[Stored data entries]
.....
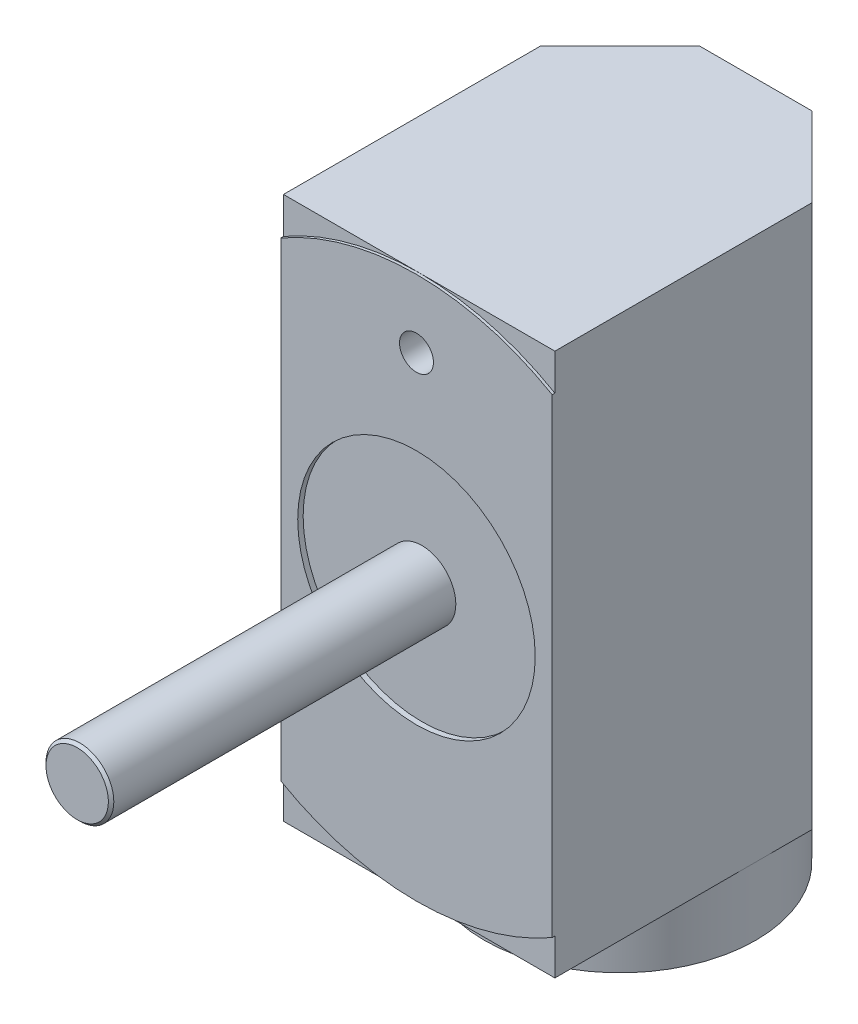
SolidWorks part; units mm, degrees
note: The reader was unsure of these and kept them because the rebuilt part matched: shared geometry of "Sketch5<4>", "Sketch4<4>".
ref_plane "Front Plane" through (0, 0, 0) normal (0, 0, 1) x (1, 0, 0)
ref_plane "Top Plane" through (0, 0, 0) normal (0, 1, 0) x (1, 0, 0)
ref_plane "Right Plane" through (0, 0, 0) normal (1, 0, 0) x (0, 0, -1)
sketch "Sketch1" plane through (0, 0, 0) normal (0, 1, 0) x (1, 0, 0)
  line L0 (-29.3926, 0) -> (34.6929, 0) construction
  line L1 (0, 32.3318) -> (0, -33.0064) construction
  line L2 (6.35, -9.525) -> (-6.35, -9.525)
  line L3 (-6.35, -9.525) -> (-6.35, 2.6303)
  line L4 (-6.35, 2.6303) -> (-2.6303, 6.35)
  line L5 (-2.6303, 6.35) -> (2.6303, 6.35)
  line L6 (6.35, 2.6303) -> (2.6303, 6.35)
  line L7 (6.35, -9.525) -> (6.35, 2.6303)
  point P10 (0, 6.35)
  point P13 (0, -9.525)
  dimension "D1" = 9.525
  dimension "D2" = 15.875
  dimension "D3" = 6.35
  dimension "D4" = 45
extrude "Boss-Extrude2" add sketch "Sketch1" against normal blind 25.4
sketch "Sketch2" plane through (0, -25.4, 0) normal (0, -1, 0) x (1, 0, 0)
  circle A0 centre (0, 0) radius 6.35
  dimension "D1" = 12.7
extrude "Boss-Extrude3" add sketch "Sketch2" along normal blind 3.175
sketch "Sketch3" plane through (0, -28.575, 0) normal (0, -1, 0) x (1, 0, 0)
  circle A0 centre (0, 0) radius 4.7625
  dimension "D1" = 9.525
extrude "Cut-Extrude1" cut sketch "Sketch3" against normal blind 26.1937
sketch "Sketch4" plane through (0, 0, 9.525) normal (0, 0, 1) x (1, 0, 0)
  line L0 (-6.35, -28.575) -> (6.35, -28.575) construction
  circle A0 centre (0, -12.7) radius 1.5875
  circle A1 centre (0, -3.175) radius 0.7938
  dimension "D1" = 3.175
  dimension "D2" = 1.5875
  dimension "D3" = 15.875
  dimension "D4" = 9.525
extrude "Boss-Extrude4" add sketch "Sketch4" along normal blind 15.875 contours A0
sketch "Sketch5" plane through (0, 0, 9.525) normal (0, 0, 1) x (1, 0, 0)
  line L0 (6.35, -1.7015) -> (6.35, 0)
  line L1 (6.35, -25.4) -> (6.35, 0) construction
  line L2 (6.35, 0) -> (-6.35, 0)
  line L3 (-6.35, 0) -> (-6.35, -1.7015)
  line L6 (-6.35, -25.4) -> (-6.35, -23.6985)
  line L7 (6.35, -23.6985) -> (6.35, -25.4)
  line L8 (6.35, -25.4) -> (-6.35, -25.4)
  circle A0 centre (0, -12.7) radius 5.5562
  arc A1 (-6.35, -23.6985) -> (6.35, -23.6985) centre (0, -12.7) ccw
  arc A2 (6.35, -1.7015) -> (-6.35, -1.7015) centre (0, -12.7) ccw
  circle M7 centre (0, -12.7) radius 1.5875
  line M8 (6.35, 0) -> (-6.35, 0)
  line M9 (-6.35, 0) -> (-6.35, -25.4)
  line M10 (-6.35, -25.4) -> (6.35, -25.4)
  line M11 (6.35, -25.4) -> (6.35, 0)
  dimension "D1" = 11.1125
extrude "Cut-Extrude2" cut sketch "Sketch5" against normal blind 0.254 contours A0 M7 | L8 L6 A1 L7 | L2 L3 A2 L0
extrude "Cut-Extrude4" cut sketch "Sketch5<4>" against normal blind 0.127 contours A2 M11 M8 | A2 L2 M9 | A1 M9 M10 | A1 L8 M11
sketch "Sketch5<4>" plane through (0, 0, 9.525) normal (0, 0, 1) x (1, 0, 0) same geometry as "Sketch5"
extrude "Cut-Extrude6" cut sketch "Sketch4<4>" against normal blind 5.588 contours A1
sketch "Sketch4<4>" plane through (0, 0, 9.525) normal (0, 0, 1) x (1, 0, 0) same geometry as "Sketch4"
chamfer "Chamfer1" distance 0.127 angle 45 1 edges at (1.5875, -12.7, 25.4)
.....
TASK OBJECTIVE: Skip the pictures, then return the rest of the data exactly.

ANSWER FOR THIS EXERCISE:
SolidWorks part; units mm, degrees
note: The reader was unsure of these and kept them because the rebuilt part matched: shared geometry of "Sketch5<4>", "Sketch4<4>".
ref_plane "Front Plane" through (0, 0, 0) normal (0, 0, 1) x (1, 0, 0)
ref_plane "Top Plane" through (0, 0, 0) normal (0, 1, 0) x (1, 0, 0)
ref_plane "Right Plane" through (0, 0, 0) normal (1, 0, 0) x (0, 0, -1)
sketch "Sketch1" plane through (0, 0, 0) normal (0, 1, 0) x (1, 0, 0)
  line L0 (-29.3926, 0) -> (34.6929, 0) construction
  line L1 (0, 32.3318) -> (0, -33.0064) construction
  line L2 (6.35, -9.525) -> (-6.35, -9.525)
  line L3 (-6.35, -9.525) -> (-6.35, 2.6303)
  line L4 (-6.35, 2.6303) -> (-2.6303, 6.35)
  line L5 (-2.6303, 6.35) -> (2.6303, 6.35)
  line L6 (6.35, 2.6303) -> (2.6303, 6.35)
  line L7 (6.35, -9.525) -> (6.35, 2.6303)
  point P10 (0, 6.35)
  point P13 (0, -9.525)
  dimension "D1" = 9.525
  dimension "D2" = 15.875
  dimension "D3" = 6.35
  dimension "D4" = 45
extrude "Boss-Extrude2" add sketch "Sketch1" against normal blind 25.4
sketch "Sketch2" plane through (0, -25.4, 0) normal (0, -1, 0) x (1, 0, 0)
  circle A0 centre (0, 0) radius 6.35
  dimension "D1" = 12.7
extrude "Boss-Extrude3" add sketch "Sketch2" along normal blind 3.175
sketch "Sketch3" plane through (0, -28.575, 0) normal (0, -1, 0) x (1, 0, 0)
  circle A0 centre (0, 0) radius 4.7625
  dimension "D1" = 9.525
extrude "Cut-Extrude1" cut sketch "Sketch3" against normal blind 26.1937
sketch "Sketch4" plane through (0, 0, 9.525) normal (0, 0, 1) x (1, 0, 0)
  line L0 (-6.35, -28.575) -> (6.35, -28.575) construction
  circle A0 centre (0, -12.7) radius 1.5875
  circle A1 centre (0, -3.175) radius 0.7938
  dimension "D1" = 3.175
  dimension "D2" = 1.5875
  dimension "D3" = 15.875
  dimension "D4" = 9.525
extrude "Boss-Extrude4" add sketch "Sketch4" along normal blind 15.875 contours A0
sketch "Sketch5" plane through (0, 0, 9.525) normal (0, 0, 1) x (1, 0, 0)
  line L0 (6.35, -1.7015) -> (6.35, 0)
  line L1 (6.35, -25.4) -> (6.35, 0) construction
  line L2 (6.35, 0) -> (-6.35, 0)
  line L3 (-6.35, 0) -> (-6.35, -1.7015)
  line L6 (-6.35, -25.4) -> (-6.35, -23.6985)
  line L7 (6.35, -23.6985) -> (6.35, -25.4)
  line L8 (6.35, -25.4) -> (-6.35, -25.4)
  circle A0 centre (0, -12.7) radius 5.5562
  arc A1 (-6.35, -23.6985) -> (6.35, -23.6985) centre (0, -12.7) ccw
  arc A2 (6.35, -1.7015) -> (-6.35, -1.7015) centre (0, -12.7) ccw
  circle M7 centre (0, -12.7) radius 1.5875
  line M8 (6.35, 0) -> (-6.35, 0)
  line M9 (-6.35, 0) -> (-6.35, -25.4)
  line M10 (-6.35, -25.4) -> (6.35, -25.4)
  line M11 (6.35, -25.4) -> (6.35, 0)
  dimension "D1" = 11.1125
extrude "Cut-Extrude2" cut sketch "Sketch5" against normal blind 0.254 contours A0 M7 | L8 L6 A1 L7 | L2 L3 A2 L0
extrude "Cut-Extrude4" cut sketch "Sketch5<4>" against normal blind 0.127 contours A2 M11 M8 | A2 L2 M9 | A1 M9 M10 | A1 L8 M11
sketch "Sketch5<4>" plane through (0, 0, 9.525) normal (0, 0, 1) x (1, 0, 0) same geometry as "Sketch5"
extrude "Cut-Extrude6" cut sketch "Sketch4<4>" against normal blind 5.588 contours A1
sketch "Sketch4<4>" plane through (0, 0, 9.525) normal (0, 0, 1) x (1, 0, 0) same geometry as "Sketch4"
chamfer "Chamfer1" distance 0.127 angle 45 1 edges at (1.5875, -12.7, 25.4)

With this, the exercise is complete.